Drabarni · 30/10/2019 15:24

I'm not sure about the abortion one either.
Context is everything. Mine is only doing GCSE Art but I know her teacher gives her alternative ideas when she is planning.
She could have said "another way to approach this would be to" etc.

The whole lot is just entitled twaddle, who raised these idiots.

Gingerkittykat · 30/10/2019 16:14

To be fair to the students their article seems more nuanced than the Telegraph article, especially since 6 complaints were upheld. Physically manhandling a student is never ok, mocking students with mental illness is never ok.

I do appreciate a lot of their complaints are nonsense, and the fact they submitted 100s of pages of complaints shows that. I'm another one echoing the fact that the vast majority of the Scottish population is white, non trans, with no obvious disabilities so it sounds like their staff reflect this.

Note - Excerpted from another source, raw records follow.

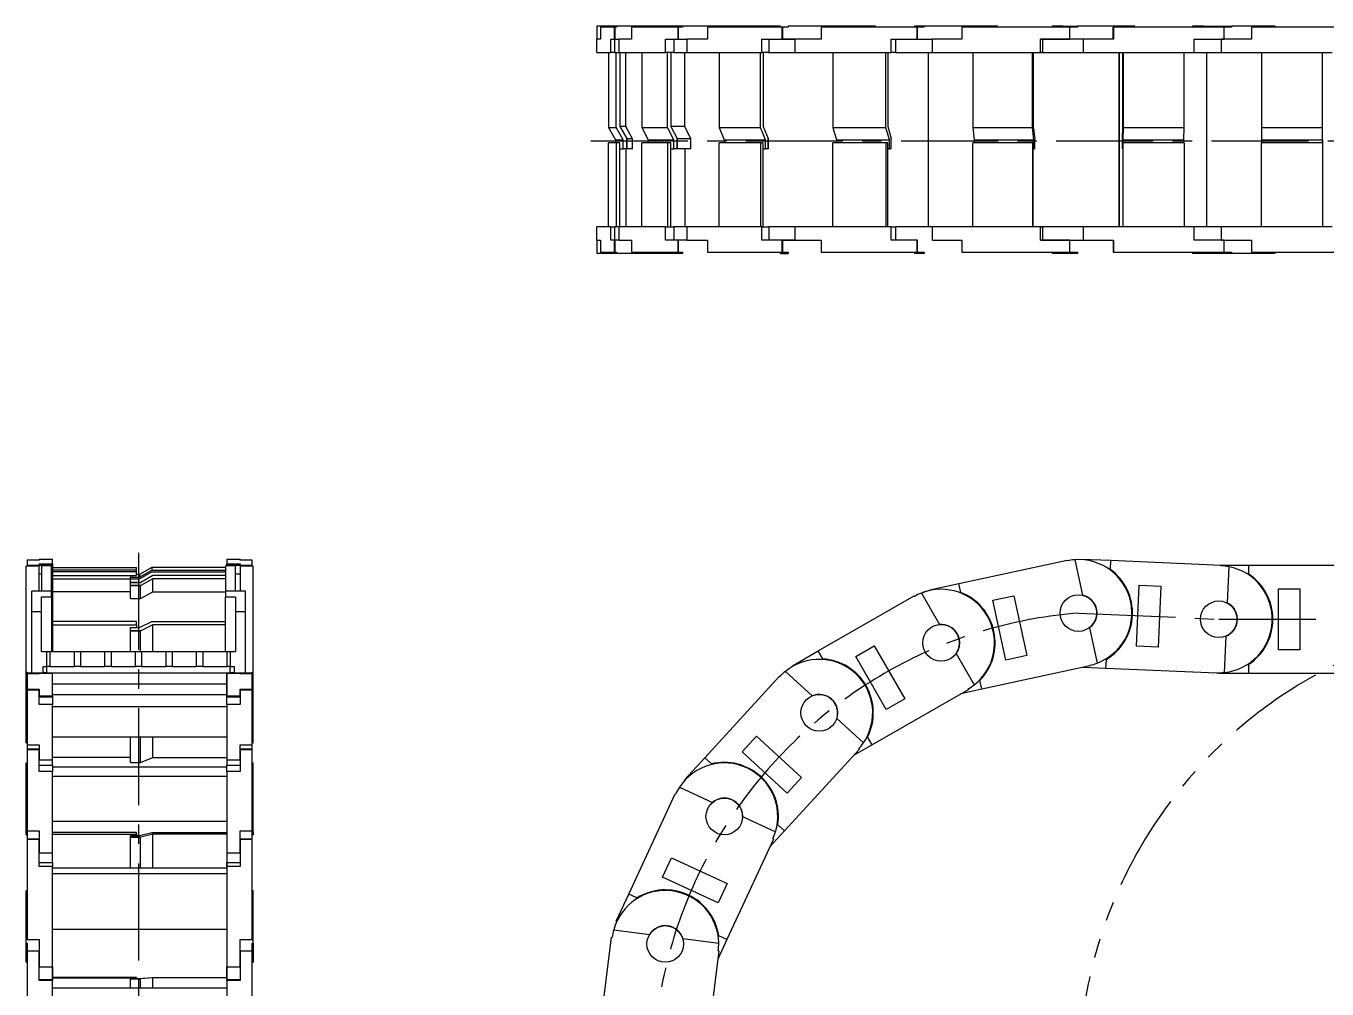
# Model space of a CAD drawing. Extents: x -187 to 646, y -468 to 74.
# Drawn here: x -186.8 to 239, y -240.7 to 74.4 of the extents above; entities that cross this region are included whole.
import ezdxf

# ---------------------------------------------------------------- set-up
doc = ezdxf.new("R2010")
doc.units = 0
doc.linetypes.add('CENTER', pattern=[50.8, 31.75, -6.35, 6.35, -6.35])
doc.linetypes.add('PHANTOM', pattern=[63.5, 31.75, -6.35, 6.35, -6.35, 6.35, -6.35])
doc.layers.get('0').update_dxf_attribs({"linetype": 'CONTINUOUS'})
doc.layers.add('CENTER', color=1, linetype='CONTINUOUS')

msp = doc.modelspace()

# ---------------------------------------------------------------- linework, layer by layer
at = {"color": 7, "linetype": 'CONTINUOUS'}
for p, q in [((0.06, 74.4), (0.06, 70.05)), ((6.47, 74.4), (0.06, 74.4)), ((6.47, 74.4), (0.06, 74.4)), ((1.23, 74), (1.23, 70.05)), ((5.78, 74), (1.23, 74)), ((5.78, 70.05), (5.78, 74)), ((5.98, 74), (5.78, 74)), ((5.98, 70.05), (5.98, 74)), ((6.47, 74), (5.98, 74)), ((6.47, 74), (5.98, 74)), ((28.01, 74.4), (6.47, 74.4)), ((6.47, 74.4), (6.47, 74)), ((26.62, 74), (11.4, 74)), ((11.4, 74), (11.4, 70.05)), ((26.62, 70.05), (26.62, 74)), ((26.8, 74), (26.62, 74)), ((26.8, 70.05), (26.8, 74)), ((28.01, 74), (26.8, 74)), ((28.01, 74), (26.8, 74)), ((60.18, 74.4), (28.01, 74.4)), ((28.01, 74.4), (28.01, 74)), ((36.25, 74), (36.25, 70.05)), ((60.71, 74), (36.25, 74)), ((60.18, 74), (60.18, 74.4)), ((60.71, 70.05), (60.71, 74)), ((60.85, 74), (60.71, 74)), ((60.85, 70.05), (60.85, 74)), ((62.67, 74), (60.85, 74)), ((91.26, 74.4), (62.67, 74.4)), ((91.26, 74.4), (62.67, 74.4)), ((62.67, 74.4), (62.67, 74)), ((104.84, 74), (73.44, 74)), ((73.44, 74), (73.44, 70.05)), ((91.26, 74), (91.26, 74.4)), ((107.19, 74.4), (104.05, 74.4)), ((104.05, 74.4), (104.05, 74)), ((104.84, 70.05), (104.84, 74)), ((104.94, 74), (104.84, 74)), ((104.94, 70.05), (104.94, 74)), ((107.19, 74), (104.94, 74)), ((131.15, 74.4), (107.19, 74.4)), ((107.19, 74.4), (107.19, 74)), ((119.48, 74), (119.48, 70.05)), ((154.86, 74), (119.48, 74)), ((131.15, 74), (131.15, 74.4)), ((152.61, 74.4), (149.06, 74.4)), ((149.06, 74.4), (149.06, 74)), ((152.61, 74.4), (157.38, 74.4)), ((152.61, 74.4), (152.61, 74)), ((152.61, 74.4), (152.61, 74.4)), ((154.86, 70.05), (154.86, 74)), ((154.9, 74), (154.86, 74)), ((154.9, 70.05), (154.9, 74)), ((157.38, 74), (154.9, 74)), ((176.11, 74.4), (157.38, 74.4)), ((157.38, 74.4), (157.38, 74)), ((169.05, 70.05), (169.05, 74)), ((169.18, 74), (169.05, 74)), ((169.18, 74), (169.18, 70.05)), ((205.34, 74), (169.18, 74)), ((176.11, 74), (176.11, 74.4)), ((198.56, 74.4), (195.06, 74.4)), ((195.06, 74.4), (195.06, 74)), ((198.56, 74.4), (207.31, 74.4)), ((198.56, 74.4), (198.56, 74)), ((207.82, 74), (205.33, 74)), ((207.82, 74), (205.33, 74)), ((205.34, 70.05), (205.34, 74)), ((207.3, 74.4), (207.82, 74.4)), ((207.3, 74.4), (207.3, 74)), ((222.06, 74.4), (207.82, 74.4)), ((207.82, 74.4), (207.82, 74)), ((250.56, 74), (214.36, 74)), ((214.36, 74), (214.36, 70.05)), ((222.06, 74), (222.06, 74.4)), ((0, 65.7), (0, 70.05)), ((1.23, 70.05), (0, 70.05)), ((4.55, 65.7), (4.55, 70.05)), ((4.55, 70.05), (5.78, 70.05)), ((5.78, 70.05), (5.98, 70.05)), ((5.84, 70.05), (5.84, 65.7)), ((5.98, 70.05), (7.28, 70.05)), ((5.98, 70.05), (7.28, 70.05)), ((7.28, 65.7), (7.28, 70.05)), ((11.4, 70.05), (7.28, 70.05)), ((22.5, 65.7), (22.5, 70.05)), ((22.5, 70.05), (26.62, 70.05)), ((25.18, 70.05), (25.18, 65.7)), ((26.62, 70.05), (26.8, 70.05)), ((26.8, 70.05), (26.62, 70.05)), ((26.8, 70.05), (26.62, 70.05)), ((26.8, 70.05), (29.63, 70.05)), ((26.8, 70.05), (29.63, 70.05)), ((29.63, 65.7), (29.63, 70.05)), ((36.25, 70.05), (29.63, 70.05)), ((54.08, 65.7), (54.08, 70.05)), ((54.08, 70.05), (60.71, 70.05)), ((56.27, 70.05), (56.27, 65.7)), ((60.71, 70.05), (60.85, 70.05)), ((64.94, 70.05), (60.71, 70.05)), ((60.85, 70.05), (64.94, 70.05)), ((64.94, 65.7), (64.94, 70.05)), ((73.44, 70.05), (64.94, 70.05)), ((96.34, 65.7), (96.34, 70.05)), ((96.34, 70.05), (104.84, 70.05)), ((97.81, 70.05), (97.81, 65.7)), ((104.84, 70.05), (104.94, 70.05)), ((104.94, 70.05), (109.9, 70.05)), ((109.9, 65.7), (109.9, 70.05)), ((119.48, 70.05), (109.9, 70.05)), ((145.28, 65.7), (145.28, 70.05)), ((159.38, 70.05), (145.28, 70.05)), ((159.38, 70.05), (145.28, 70.05)), ((145.28, 70.05), (154.86, 70.05)), ((145.91, 70.05), (145.91, 65.7)), ((154.86, 70.05), (154.9, 70.05)), ((169.18, 70.05), (159.38, 70.05)), ((159.38, 65.7), (159.38, 70.05)), ((159.38, 65.7), (159.38, 70.05)), ((159.38, 70.05), (159.38, 70.05)), ((195.55, 70.05), (205.34, 70.05)), ((195.55, 65.7), (195.55, 70.05)), ((204.56, 65.7), (204.56, 70.05)), ((214.36, 70.05), (204.56, 70.05)), ((0, 65.7), (4.55, 65.7)), ((3.82, 65.7), (3.82, 41.2)), ((5.84, 65.7), (4.55, 65.7)), ((5.84, 65.7), (7.28, 65.7)), ((6.33, 41.2), (6.33, 65.7)), ((7.28, 65.7), (22.5, 65.7)), ((7.52, 65.7), (7.52, 41.52)), ((9.46, 41.52), (9.46, 65.7)), ((14.74, 65.7), (14.74, 41.2)), ((25.18, 65.7), (22.5, 65.7)), ((23.15, 41.2), (23.15, 65.7)), ((24.24, 65.7), (24.24, 41.52)), ((25.18, 65.7), (29.63, 65.7)), ((25.18, 65.7), (29.63, 65.7)), ((28.79, 41.52), (28.79, 65.7)), ((29.63, 65.7), (54.08, 65.7)), ((40.03, 65.7), (40.03, 41.2)), ((53.54, 41.2), (53.54, 65.7)), ((56.27, 65.7), (54.08, 65.7)), ((54.43, 65.7), (54.43, 41.52)), ((56.26, 65.7), (64.94, 65.7)), ((64.94, 65.7), (96.34, 65.7)), ((77.31, 65.7), (77.31, 41.2)), ((94.66, 41.2), (94.66, 65.7)), ((95.25, 65.7), (95.25, 41.52)), ((97.81, 65.7), (96.34, 65.7)), ((97.81, 65.7), (109.9, 65.7)), ((108.45, 65.7), (108.45, 8.7)), ((109.9, 65.7), (145.28, 65.7)), ((123.07, 65.7), (123.07, 41.2)), ((142.62, 41.2), (142.62, 65.7)), ((142.87, 65.7), (142.87, 41.52)), ((145.28, 65.7), (159.38, 65.7)), ((145.91, 65.7), (145.28, 65.7)), ((159.38, 65.7), (195.55, 65.7)), ((159.38, 65.7), (159.38, 65.7)), ((170.86, 65.7), (170.86, 8.7)), ((171.06, 65.7), (171.06, 8.7)), ((172.22, 41.52), (172.22, 65.7)), ((172.28, 65.7), (172.28, 41.2)), ((192.26, 41.2), (192.26, 65.7)), ((195.55, 65.7), (204.56, 65.7)), ((199.56, 65.7), (199.56, 8.7)), ((204.56, 65.7), (240.76, 65.7)), ((217.56, 65.7), (217.56, 41.2)), ((237.56, 41.2), (237.56, 65.7)), ((3.82, 41.2), (6.11, 37.2)), ((3.82, 41.2), (6.33, 41.2)), ((8.62, 37.2), (6.33, 41.2)), ((7.52, 41.52), (9.79, 37.56)), ((9.46, 41.52), (7.52, 41.52)), ((11.74, 37.52), (9.46, 41.52)), ((14.74, 41.2), (16.84, 37.2)), ((14.74, 41.2), (23.15, 41.2)), ((25.24, 37.2), (23.15, 41.2)), ((24.24, 41.52), (26.31, 37.56)), ((28.79, 41.52), (24.24, 41.52)), ((30.82, 37.52), (28.79, 41.52)), ((40.03, 41.2), (53.54, 41.2)), ((40.03, 41.2), (41.74, 37.2)), ((55.25, 37.2), (53.54, 41.2)), ((54.43, 41.52), (56.12, 37.56)), ((77.31, 41.2), (94.66, 41.2)), ((77.31, 41.2), (78.46, 37.2)), ((95.81, 37.2), (94.66, 41.2)), ((95.25, 41.52), (96.39, 37.56)), ((123.07, 41.2), (142.62, 41.2)), ((123.07, 41.2), (123.56, 37.2)), ((143.11, 37.2), (142.62, 41.2)), ((142.87, 41.52), (143.36, 37.56)), ((172.12, 37.52), (172.22, 41.52)), ((172.28, 41.2), (172.17, 37.2)), ((172.28, 41.2), (192.26, 41.2)), ((192.15, 37.2), (192.26, 41.2)), ((217.56, 41.2), (237.56, 41.2)), ((217.56, 41.2), (217.56, 37.2)), ((237.56, 37.2), (237.56, 41.2)), ((3.82, 8.7), (3.82, 36.2)), ((6.33, 36.2), (3.82, 36.2)), ((6.11, 37.2), (6.11, 36.2)), ((6.11, 37.2), (8.62, 37.2)), ((6.33, 36.2), (6.33, 8.7)), ((7.52, 36.2), (6.33, 36.2)), ((7.52, 8.7), (7.52, 36.2)), ((7.52, 34.2), (8.62, 34.2)), ((8.62, 34.2), (8.62, 37.2)), ((11.74, 34.2), (8.62, 34.2)), ((9.79, 34.2), (8.62, 34.2)), ((9.46, 34.2), (9.46, 8.7)), ((9.79, 34.2), (9.79, 37.56)), ((9.81, 34.2), (9.79, 34.2)), ((9.81, 37.52), (9.81, 34.2)), ((11.74, 37.52), (9.81, 37.52)), ((11.74, 34.2), (11.74, 37.52)), ((14.74, 8.7), (14.74, 36.2)), ((23.15, 36.2), (14.74, 36.2)), ((16.84, 37.2), (16.84, 36.2)), ((16.84, 37.2), (25.24, 37.2)), ((23.15, 36.2), (23.15, 8.7)), ((24.24, 36.2), (23.15, 36.2)), ((24.24, 8.7), (24.24, 36.2)), ((24.24, 34.2), (25.24, 34.2)), ((25.24, 34.2), (25.24, 37.2)), ((30.82, 34.2), (25.24, 34.2)), ((26.31, 34.2), (25.24, 34.2)), ((26.31, 34.2), (26.31, 37.56)), ((26.33, 34.2), (26.31, 34.2)), ((26.33, 34.2), (26.31, 34.2)), ((26.33, 37.52), (26.33, 34.2)), ((30.82, 37.52), (26.33, 37.52)), ((28.79, 34.2), (28.79, 8.7)), ((30.82, 34.2), (30.82, 37.52)), ((40.03, 8.7), (40.03, 36.2)), ((53.54, 36.2), (40.03, 36.2)), ((41.74, 37.2), (41.74, 36.2)), ((41.74, 37.2), (55.25, 37.2)), ((53.54, 36.2), (53.54, 8.7)), ((54.43, 36.2), (53.54, 36.2)), ((54.43, 8.7), (54.43, 36.2)), ((54.43, 34.2), (55.25, 34.2)), ((55.25, 34.2), (55.25, 37.2)), ((56.12, 34.2), (55.25, 34.2)), ((56.12, 34.2), (56.12, 37.56)), ((56.12, 37.52), (56.12, 34.2)), ((56.12, 34.2), (56.12, 34.2)), ((94.66, 36.2), (77.31, 36.2)), ((77.31, 8.7), (77.31, 36.2)), ((78.46, 37.2), (78.46, 36.2)), ((78.46, 37.2), (95.81, 37.2)), ((94.66, 36.2), (94.66, 8.7)), ((95.25, 36.2), (94.66, 36.2)), ((95.25, 8.7), (95.25, 36.2)), ((95.25, 34.2), (95.81, 34.2)), ((95.81, 34.2), (95.81, 37.2)), ((96.39, 34.2), (95.81, 34.2)), ((96.39, 34.2), (96.39, 37.56)), ((123.07, 8.7), (123.07, 36.2)), ((142.62, 36.2), (123.07, 36.2)), ((123.56, 37.2), (123.56, 36.2)), ((123.56, 37.2), (143.11, 37.2)), ((142.62, 36.2), (142.62, 8.7)), ((142.87, 36.2), (142.62, 36.2)), ((142.87, 8.7), (142.87, 36.2)), ((142.87, 34.2), (143.11, 34.2)), ((143.11, 34.2), (143.11, 37.2)), ((143.36, 34.2), (143.11, 34.2)), ((143.36, 34.2), (143.36, 37.56)), ((172.12, 34.2), (172.12, 37.52)), ((172.17, 34.2), (172.12, 34.2)), ((172.17, 37.2), (172.17, 34.2)), ((172.17, 37.2), (192.15, 37.2)), ((172.17, 34.2), (172.22, 34.2)), ((172.22, 36.2), (172.22, 8.7)), ((172.28, 36.2), (172.22, 36.2)), ((172.28, 8.7), (172.28, 36.2)), ((192.26, 36.2), (172.28, 36.2)), ((192.15, 36.2), (192.15, 37.2)), ((192.26, 36.2), (192.26, 8.7)), ((217.56, 37.2), (237.56, 37.2)), ((217.56, 37.2), (217.56, 36.2)), ((237.56, 36.2), (217.56, 36.2)), ((217.56, 8.7), (217.56, 36.2)), ((237.56, 37.2), (237.56, 36.2)), ((237.56, 36.2), (237.56, 37.2)), ((237.56, 36.2), (237.56, 8.7)), ((0, 4.35), (0, 8.7)), ((4.55, 8.7), (0, 8.7)), ((4.55, 4.35), (4.55, 8.7)), ((4.55, 8.7), (5.84, 8.7)), ((5.84, 8.7), (5.84, 4.35)), ((7.28, 8.7), (5.84, 8.7)), ((22.5, 8.7), (7.28, 8.7)), ((7.28, 4.35), (7.28, 8.7)), ((22.5, 4.35), (22.5, 8.7)), ((22.5, 8.7), (25.18, 8.7)), ((25.18, 8.7), (25.18, 4.35)), ((29.63, 8.7), (25.18, 8.7)), ((29.63, 8.7), (25.18, 8.7)), ((54.08, 8.7), (29.63, 8.7)), ((29.63, 4.35), (29.63, 8.7)), ((54.08, 4.35), (54.08, 8.7)), ((54.08, 8.7), (56.27, 8.7)), ((56.27, 8.7), (56.27, 4.35)), ((64.94, 8.7), (56.27, 8.7)), ((96.34, 8.7), (64.94, 8.7)), ((64.94, 4.35), (64.94, 8.7)), ((96.34, 4.35), (96.34, 8.7)), ((96.34, 8.7), (97.81, 8.7)), ((97.81, 8.7), (97.81, 4.35)), ((109.9, 8.7), (97.81, 8.7)), ((109.9, 8.7), (97.81, 8.7)), ((145.28, 8.7), (109.9, 8.7)), ((109.9, 4.35), (109.9, 8.7)), ((145.28, 4.35), (145.28, 8.7)), ((159.38, 8.7), (145.28, 8.7)), ((159.38, 8.7), (145.28, 8.7)), ((145.28, 8.7), (145.91, 8.7)), ((145.91, 8.7), (145.91, 4.35)), ((195.55, 8.7), (159.38, 8.7)), ((159.38, 4.35), (159.38, 8.7)), ((159.38, 4.35), (159.38, 8.7)), ((159.38, 8.7), (159.38, 8.7)), ((204.56, 8.7), (195.55, 8.7)), ((195.55, 4.35), (195.55, 8.7)), ((240.76, 8.7), (204.56, 8.7)), ((204.56, 4.35), (204.56, 8.7)), ((0, 4.35), (1.23, 4.35)), ((0.06, 4.35), (0.06, 0)), ((1.23, 4.35), (1.23, 0.4)), ((5.78, 4.35), (4.55, 4.35)), ((5.78, 0.4), (5.78, 4.35)), ((5.98, 4.35), (5.78, 4.35)), ((5.98, 0.4), (5.98, 4.35)), ((7.28, 4.35), (5.98, 4.35)), ((7.28, 4.35), (5.98, 4.35)), ((7.28, 4.35), (11.4, 4.35)), ((11.4, 4.35), (11.4, 0.4)), ((26.62, 4.35), (22.5, 4.35)), ((26.62, 0.4), (26.62, 4.35)), ((26.8, 4.35), (26.62, 4.35)), ((26.8, 0.4), (26.8, 4.35)), ((29.63, 4.35), (26.8, 4.35)), ((29.63, 4.35), (26.8, 4.35)), ((29.63, 4.35), (36.25, 4.35)), ((36.25, 4.35), (36.25, 0.4)), ((60.71, 4.35), (54.08, 4.35)), ((60.71, 0.4), (60.71, 4.35)), ((60.85, 4.35), (60.71, 4.35)), ((60.71, 4.35), (64.94, 4.35)), ((60.85, 0.4), (60.85, 4.35)), ((64.94, 4.35), (60.85, 4.35)), ((64.94, 4.35), (73.44, 4.35)), ((73.44, 4.35), (73.44, 0.4)), ((104.84, 4.35), (96.34, 4.35)), ((104.84, 0.4), (104.84, 4.35)), ((104.94, 4.35), (104.84, 4.35)), ((104.94, 0.4), (104.94, 4.35)), ((109.9, 4.35), (119.48, 4.35)), ((119.48, 4.35), (119.48, 0.4)), ((145.28, 4.35), (159.38, 4.35)), ((145.28, 4.35), (159.38, 4.35)), ((154.86, 4.35), (145.28, 4.35)), ((154.86, 0.4), (154.86, 4.35)), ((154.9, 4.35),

We have no idea if they have initiatives to make sure they are recruiting fairly from available candidates, but I expect the do monitor their staff on protected characteristics.

I'm surprised art students do check ins though, I did these studying counselling but have never heard of them anywhere else.

furrytoebean · 30/10/2019 16:38

Oh god we did tireless never ending check ins.

And you weren't allowed to interrupt anyone and they could talk about WHATEVER they wanted for as long as they wanted and it just took as long as it took.
I'm not exaggerating when I say some sessions were just one long check in with a check out at the end.

Imagine it, performance art students given the floor for however long they wanted. And how they wanted it.

There's a part of my soul still there.